Thanks, Dr. Johnson. Perhaps I should change my Google account to Boswell. In 2000 my family visited the London pub near Covent Garden where Boswell and Dr. Johnson first met. I took a seminar on the Age of Johnson back in 1985, I think, and I started Boswell, but I never finished it.
I enjoyed Skeleton Key by Cambell and Robinson. I've never finished any of Campbell's other books. I first heard of Campbell in an interview with Phil Farmer in Science Fiction Review, the same zine where I first heard of RAW.
Thanks for the link.
Michael,
As you and Prof Eric probably know, Marshall McLuhan often used to say the same thing about Joyce being the greatest anthropologist ever. MM also claimed Joyce was one of the greatest engineers as well (echoing what Joyce himself once said in describing his work on FW to Harriet Shaw Weaver). Unless I've got my names confused, I could've sworn I read in a recent McLuhan book (by Douglas Coupland perhaps) that RAW and McLuhan were friends.
I must also mention that my own passionate devotion to Joyce's work (as well as folks like Jung, Nietzsche, Goethe, etc) is entirely due to the influence of Joseph Campbell. For over a year, I devoured every Campbell book I could get my hands on.
My first extended intro to Joyce came from a book called "Mythic Worlds, Modern Words" a collection of Campbell's transcribed lectures and articles on Portrait, Ulysses, and the Wake. Highly recommended.
The same Maybe Logic blog linked to above also has some audio clips from Campbell's lectures on Joyce INCLUDING Campbell reading from Finnegans Wake and pronouncing the first thunderword!
@PQ: Thanks for the head's up on the Campbell recordings. I read Coupland's book on MM as soon as it came out - I liked it a lot - but don't recall anything on RAW in it. In either Gordon's or Marchand's bio of MM there's a passage in which, near the end of his life, MM is studying linguistics and one name mentioned was "R.A. Wilson." MM hung with Leary briefly and gave him ideas on how to use advertising lingo to sell LSD to the public, but I'm not sure about the extent of RAW's personal connection to MM. They had very similar influences, but seem like very different personalities to me. MM's early professional career in middle America, then Toronto....not much chance of spending time together.
Both RAW and MM went out of their way to champion Joyce, almost to the point of evangelism, which, if so, is one type of evangelism I can take.
There's a story of Campbell, early budding scholar, going into the woods for a year with tons of books and just reading, an image I find striking.
The "monomyth" idea that RAW links to Campbell via Joyce (via Vico?) is one I've always found to be profoundly proto-structuralist.
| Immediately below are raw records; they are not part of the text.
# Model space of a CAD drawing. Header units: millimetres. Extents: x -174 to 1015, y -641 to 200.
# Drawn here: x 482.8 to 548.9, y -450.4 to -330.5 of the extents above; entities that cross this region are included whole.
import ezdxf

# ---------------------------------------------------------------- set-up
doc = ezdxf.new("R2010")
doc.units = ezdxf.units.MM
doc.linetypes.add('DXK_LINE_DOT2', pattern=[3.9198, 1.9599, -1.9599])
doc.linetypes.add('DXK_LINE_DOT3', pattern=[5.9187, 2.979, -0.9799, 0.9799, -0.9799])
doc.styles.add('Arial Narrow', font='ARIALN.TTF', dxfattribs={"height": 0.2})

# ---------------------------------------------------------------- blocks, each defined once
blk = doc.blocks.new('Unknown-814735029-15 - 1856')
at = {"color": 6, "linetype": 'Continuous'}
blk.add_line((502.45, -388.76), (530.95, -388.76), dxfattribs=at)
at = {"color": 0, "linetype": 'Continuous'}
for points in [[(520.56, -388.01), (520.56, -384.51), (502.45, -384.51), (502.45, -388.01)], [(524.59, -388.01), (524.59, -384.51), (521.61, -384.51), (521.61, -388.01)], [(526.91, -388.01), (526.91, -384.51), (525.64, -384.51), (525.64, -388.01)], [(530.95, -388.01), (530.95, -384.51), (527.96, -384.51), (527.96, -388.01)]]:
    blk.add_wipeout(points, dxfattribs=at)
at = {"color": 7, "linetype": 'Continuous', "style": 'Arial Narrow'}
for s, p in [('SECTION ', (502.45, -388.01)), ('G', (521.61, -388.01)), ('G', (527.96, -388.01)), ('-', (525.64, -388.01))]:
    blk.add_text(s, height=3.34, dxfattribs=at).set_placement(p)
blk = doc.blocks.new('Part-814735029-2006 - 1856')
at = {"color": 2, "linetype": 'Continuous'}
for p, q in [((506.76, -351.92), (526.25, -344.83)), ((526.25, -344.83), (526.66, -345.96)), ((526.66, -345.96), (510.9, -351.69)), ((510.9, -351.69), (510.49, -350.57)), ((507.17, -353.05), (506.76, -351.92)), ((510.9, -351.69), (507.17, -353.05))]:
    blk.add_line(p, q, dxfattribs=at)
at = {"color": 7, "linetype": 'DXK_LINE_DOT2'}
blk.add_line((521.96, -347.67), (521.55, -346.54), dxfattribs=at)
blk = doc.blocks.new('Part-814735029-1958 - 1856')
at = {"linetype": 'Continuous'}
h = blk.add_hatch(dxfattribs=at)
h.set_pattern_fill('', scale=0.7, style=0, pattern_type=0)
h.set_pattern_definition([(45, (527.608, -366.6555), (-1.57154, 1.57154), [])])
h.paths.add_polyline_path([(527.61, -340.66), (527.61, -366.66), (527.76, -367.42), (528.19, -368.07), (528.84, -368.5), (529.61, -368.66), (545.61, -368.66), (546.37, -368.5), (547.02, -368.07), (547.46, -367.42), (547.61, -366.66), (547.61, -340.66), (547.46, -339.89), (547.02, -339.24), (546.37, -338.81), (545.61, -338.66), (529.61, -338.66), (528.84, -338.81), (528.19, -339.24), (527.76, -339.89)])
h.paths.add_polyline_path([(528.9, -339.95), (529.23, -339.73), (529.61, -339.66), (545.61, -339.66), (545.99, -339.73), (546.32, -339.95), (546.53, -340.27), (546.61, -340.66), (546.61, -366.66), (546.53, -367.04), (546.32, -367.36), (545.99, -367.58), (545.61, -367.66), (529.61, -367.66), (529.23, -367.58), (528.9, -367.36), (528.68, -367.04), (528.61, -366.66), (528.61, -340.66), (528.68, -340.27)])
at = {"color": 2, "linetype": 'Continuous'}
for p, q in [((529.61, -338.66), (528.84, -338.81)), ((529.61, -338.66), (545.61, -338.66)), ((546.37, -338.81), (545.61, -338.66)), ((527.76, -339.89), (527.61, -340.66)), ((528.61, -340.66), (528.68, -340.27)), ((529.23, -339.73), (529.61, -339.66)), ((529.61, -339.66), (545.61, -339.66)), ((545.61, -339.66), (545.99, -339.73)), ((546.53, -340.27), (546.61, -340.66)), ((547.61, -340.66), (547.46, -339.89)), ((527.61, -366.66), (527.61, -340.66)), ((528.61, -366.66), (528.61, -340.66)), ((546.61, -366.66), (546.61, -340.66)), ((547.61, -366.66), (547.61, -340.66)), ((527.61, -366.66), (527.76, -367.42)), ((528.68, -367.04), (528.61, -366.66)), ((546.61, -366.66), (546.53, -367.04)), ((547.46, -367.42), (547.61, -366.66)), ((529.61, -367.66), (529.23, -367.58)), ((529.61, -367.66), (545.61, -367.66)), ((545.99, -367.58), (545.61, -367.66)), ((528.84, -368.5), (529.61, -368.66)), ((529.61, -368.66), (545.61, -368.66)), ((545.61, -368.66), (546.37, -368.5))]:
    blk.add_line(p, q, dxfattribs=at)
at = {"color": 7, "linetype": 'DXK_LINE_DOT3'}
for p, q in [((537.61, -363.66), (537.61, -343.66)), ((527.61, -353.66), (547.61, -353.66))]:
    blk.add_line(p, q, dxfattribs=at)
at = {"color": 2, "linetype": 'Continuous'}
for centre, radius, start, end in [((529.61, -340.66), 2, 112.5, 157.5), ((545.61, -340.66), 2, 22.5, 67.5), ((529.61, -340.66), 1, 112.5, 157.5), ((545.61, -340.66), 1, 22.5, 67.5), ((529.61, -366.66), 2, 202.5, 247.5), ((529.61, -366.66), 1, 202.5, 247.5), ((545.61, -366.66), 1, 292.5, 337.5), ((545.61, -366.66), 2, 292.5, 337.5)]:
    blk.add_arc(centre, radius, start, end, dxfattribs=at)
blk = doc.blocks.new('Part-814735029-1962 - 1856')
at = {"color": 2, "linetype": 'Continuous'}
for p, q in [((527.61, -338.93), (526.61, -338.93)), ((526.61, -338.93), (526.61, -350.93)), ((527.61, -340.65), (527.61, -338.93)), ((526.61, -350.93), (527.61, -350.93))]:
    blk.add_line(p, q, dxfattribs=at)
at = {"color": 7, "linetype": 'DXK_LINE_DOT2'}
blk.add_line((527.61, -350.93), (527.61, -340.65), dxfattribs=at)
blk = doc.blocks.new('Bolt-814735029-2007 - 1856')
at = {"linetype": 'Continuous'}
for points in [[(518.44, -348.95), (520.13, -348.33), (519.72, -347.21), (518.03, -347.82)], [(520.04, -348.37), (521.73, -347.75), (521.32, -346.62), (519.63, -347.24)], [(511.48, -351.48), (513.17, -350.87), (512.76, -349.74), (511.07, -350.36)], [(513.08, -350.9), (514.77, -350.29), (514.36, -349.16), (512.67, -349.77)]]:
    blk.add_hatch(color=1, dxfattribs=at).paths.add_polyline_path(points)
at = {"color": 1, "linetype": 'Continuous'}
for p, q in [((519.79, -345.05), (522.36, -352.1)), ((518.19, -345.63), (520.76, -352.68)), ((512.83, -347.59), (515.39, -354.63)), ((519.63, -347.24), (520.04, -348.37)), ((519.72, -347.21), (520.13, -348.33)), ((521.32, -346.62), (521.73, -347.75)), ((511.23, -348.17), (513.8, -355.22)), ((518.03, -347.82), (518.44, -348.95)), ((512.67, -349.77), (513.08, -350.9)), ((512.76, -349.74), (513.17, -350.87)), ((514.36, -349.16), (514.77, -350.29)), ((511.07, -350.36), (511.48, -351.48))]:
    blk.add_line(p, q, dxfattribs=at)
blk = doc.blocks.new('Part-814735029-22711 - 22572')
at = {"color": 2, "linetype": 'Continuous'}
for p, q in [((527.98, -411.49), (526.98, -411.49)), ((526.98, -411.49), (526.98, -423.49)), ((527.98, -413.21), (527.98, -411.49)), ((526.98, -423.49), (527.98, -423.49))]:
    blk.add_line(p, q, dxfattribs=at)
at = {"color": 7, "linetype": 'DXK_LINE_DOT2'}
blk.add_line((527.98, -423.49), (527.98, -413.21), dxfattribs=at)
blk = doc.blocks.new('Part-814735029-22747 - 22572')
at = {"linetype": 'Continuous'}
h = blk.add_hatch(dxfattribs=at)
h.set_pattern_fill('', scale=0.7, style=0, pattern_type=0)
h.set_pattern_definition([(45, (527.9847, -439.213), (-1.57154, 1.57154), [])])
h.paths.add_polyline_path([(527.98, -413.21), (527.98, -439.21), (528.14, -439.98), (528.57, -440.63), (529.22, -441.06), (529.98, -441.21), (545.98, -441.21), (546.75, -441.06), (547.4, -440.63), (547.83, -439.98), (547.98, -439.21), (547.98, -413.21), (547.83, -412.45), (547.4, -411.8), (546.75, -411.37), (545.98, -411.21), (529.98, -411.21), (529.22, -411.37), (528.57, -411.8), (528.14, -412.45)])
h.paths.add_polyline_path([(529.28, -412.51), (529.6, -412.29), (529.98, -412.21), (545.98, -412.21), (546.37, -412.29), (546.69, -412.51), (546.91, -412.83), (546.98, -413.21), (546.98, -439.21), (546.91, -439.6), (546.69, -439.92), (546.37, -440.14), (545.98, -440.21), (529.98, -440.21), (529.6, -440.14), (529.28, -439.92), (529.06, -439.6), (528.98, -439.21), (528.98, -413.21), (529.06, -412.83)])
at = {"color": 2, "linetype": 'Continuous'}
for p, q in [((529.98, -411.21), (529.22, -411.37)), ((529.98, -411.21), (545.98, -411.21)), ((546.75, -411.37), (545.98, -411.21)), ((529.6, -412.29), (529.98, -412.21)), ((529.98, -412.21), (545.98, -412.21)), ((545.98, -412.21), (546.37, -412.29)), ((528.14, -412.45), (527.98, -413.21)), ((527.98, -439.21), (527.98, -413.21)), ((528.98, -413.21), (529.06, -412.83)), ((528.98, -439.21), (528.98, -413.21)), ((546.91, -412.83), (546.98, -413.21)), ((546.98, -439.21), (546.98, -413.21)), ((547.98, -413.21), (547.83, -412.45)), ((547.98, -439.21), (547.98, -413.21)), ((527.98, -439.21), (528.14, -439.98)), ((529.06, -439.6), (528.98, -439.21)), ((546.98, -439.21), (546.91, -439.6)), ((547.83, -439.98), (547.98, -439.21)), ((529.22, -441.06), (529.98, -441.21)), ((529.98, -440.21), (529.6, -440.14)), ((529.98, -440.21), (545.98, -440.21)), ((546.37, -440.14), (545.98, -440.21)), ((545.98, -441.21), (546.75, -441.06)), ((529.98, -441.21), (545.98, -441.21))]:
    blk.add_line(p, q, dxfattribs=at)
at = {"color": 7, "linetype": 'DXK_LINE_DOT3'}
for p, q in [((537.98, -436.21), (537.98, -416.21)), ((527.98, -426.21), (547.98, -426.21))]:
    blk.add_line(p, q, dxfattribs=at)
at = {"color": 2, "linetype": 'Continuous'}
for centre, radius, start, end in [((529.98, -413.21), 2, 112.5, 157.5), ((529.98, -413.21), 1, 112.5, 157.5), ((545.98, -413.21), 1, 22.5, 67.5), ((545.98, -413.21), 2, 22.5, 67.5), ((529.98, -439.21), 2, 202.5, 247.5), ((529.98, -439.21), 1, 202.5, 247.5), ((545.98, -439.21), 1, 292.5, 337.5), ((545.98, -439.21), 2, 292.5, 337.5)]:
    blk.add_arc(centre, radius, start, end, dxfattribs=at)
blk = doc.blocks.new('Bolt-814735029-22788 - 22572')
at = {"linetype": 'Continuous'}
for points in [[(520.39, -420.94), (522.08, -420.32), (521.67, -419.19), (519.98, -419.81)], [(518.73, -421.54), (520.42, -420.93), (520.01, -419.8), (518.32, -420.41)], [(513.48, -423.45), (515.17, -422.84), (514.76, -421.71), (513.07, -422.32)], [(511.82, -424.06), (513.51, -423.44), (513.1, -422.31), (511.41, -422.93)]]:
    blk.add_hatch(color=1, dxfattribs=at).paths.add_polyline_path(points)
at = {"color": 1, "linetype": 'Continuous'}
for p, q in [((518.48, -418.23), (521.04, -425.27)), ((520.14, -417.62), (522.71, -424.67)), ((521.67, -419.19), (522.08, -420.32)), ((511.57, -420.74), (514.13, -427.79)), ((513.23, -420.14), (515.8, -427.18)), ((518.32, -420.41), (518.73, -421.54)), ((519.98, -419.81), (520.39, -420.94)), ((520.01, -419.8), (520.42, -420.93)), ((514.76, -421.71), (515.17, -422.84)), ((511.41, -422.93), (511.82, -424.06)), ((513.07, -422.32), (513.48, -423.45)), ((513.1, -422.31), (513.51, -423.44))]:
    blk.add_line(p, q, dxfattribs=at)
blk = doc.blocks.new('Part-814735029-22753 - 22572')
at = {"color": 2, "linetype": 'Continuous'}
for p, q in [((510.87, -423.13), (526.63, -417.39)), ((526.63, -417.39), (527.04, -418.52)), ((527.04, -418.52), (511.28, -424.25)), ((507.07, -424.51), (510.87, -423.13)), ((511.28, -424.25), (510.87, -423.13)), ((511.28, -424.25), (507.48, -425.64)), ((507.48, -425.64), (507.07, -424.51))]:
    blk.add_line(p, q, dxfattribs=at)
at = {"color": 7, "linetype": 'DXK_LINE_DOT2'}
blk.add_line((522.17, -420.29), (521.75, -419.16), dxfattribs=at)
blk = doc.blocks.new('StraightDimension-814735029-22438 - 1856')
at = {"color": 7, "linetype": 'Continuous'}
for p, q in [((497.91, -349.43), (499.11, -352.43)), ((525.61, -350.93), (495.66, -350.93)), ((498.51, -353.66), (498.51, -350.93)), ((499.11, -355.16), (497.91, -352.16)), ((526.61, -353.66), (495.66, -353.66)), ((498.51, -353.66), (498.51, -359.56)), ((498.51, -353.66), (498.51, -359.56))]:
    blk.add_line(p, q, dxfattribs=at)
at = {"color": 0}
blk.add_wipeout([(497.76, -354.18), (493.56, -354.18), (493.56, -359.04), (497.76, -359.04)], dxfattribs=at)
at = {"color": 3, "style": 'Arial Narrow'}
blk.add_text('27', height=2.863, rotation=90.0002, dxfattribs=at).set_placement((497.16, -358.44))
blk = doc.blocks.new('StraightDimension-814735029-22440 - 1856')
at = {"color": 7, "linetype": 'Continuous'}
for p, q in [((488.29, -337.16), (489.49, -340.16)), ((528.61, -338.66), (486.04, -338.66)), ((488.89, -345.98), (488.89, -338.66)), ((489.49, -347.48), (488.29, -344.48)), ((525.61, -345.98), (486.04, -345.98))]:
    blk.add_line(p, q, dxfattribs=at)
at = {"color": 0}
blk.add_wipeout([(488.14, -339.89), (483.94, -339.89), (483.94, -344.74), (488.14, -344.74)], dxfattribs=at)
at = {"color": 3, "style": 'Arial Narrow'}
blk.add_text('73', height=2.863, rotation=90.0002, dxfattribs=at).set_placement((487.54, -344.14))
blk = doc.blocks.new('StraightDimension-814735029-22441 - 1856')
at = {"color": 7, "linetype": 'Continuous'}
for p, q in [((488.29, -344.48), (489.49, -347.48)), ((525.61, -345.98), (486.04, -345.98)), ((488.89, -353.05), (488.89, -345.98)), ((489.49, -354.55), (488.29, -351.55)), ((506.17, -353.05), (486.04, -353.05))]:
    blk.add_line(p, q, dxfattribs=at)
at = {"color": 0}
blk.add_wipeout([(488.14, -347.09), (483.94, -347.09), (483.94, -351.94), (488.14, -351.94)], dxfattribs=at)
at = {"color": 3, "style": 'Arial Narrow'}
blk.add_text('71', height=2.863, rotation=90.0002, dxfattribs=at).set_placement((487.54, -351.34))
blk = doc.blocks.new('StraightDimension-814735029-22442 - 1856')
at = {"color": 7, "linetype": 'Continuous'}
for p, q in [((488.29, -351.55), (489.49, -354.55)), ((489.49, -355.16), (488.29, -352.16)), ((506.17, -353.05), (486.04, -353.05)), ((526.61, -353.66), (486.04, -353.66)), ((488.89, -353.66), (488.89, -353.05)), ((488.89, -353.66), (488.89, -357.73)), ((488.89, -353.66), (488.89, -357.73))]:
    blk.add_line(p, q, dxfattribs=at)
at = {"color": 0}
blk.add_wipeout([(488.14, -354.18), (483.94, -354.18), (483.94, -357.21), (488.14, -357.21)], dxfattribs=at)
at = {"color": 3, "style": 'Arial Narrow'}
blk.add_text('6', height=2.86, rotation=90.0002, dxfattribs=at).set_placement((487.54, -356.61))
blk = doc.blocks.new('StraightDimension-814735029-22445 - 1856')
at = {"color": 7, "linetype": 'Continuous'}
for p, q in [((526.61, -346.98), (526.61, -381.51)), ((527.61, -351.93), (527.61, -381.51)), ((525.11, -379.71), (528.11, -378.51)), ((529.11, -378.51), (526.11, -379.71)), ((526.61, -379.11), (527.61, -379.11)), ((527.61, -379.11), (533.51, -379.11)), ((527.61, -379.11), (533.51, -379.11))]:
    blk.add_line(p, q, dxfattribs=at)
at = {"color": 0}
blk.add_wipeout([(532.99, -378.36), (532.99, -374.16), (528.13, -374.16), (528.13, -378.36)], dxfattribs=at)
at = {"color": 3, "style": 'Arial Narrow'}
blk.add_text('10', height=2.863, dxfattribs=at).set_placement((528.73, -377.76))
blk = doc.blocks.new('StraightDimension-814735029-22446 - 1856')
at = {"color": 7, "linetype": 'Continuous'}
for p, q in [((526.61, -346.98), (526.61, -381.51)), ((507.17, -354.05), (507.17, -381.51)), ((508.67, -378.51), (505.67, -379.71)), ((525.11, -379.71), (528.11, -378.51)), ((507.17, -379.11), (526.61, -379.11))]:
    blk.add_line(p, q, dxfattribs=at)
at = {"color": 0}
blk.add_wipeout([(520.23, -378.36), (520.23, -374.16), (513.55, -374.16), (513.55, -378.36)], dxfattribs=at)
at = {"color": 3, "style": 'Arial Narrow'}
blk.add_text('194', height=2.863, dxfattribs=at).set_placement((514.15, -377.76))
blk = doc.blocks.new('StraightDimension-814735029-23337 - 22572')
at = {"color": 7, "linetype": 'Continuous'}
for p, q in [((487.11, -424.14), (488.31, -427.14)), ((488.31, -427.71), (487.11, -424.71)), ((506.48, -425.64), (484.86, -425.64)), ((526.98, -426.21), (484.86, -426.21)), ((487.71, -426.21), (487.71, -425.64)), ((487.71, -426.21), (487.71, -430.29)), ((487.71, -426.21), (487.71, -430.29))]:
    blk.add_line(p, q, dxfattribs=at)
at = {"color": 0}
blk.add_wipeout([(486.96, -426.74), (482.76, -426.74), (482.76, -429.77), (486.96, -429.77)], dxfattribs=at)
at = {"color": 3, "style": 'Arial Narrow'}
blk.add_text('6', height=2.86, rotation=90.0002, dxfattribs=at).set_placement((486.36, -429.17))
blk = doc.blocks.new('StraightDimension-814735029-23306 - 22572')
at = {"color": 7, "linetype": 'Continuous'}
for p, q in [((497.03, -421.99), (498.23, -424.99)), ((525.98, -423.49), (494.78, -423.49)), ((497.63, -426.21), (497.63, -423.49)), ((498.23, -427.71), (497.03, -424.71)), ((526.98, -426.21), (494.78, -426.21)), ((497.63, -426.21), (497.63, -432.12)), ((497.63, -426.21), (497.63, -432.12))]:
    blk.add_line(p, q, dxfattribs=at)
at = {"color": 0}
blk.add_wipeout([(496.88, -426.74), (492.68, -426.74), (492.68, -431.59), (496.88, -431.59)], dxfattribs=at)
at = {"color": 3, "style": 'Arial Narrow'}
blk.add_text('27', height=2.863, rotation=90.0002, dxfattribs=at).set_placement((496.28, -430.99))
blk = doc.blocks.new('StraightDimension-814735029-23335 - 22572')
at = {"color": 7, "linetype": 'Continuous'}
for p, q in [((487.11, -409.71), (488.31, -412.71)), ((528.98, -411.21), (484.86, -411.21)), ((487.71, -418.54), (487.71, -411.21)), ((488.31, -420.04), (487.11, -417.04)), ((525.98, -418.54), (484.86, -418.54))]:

Obviously Vico is pre-structuralism, but I don't think Joyce, Campbell or RAW were all that taken by Russian and French big-name structuralists; rather, they conceived of structuralist ideas in their own way, less...algebraically. EX: take RAW's information theory and Korzybskian ideas of "structure." It seems at once far more mathematically-based and "mystical" than anything in, say, Levi-Strauss or Bakhtin.
Thanks for your erudite comments, PQ.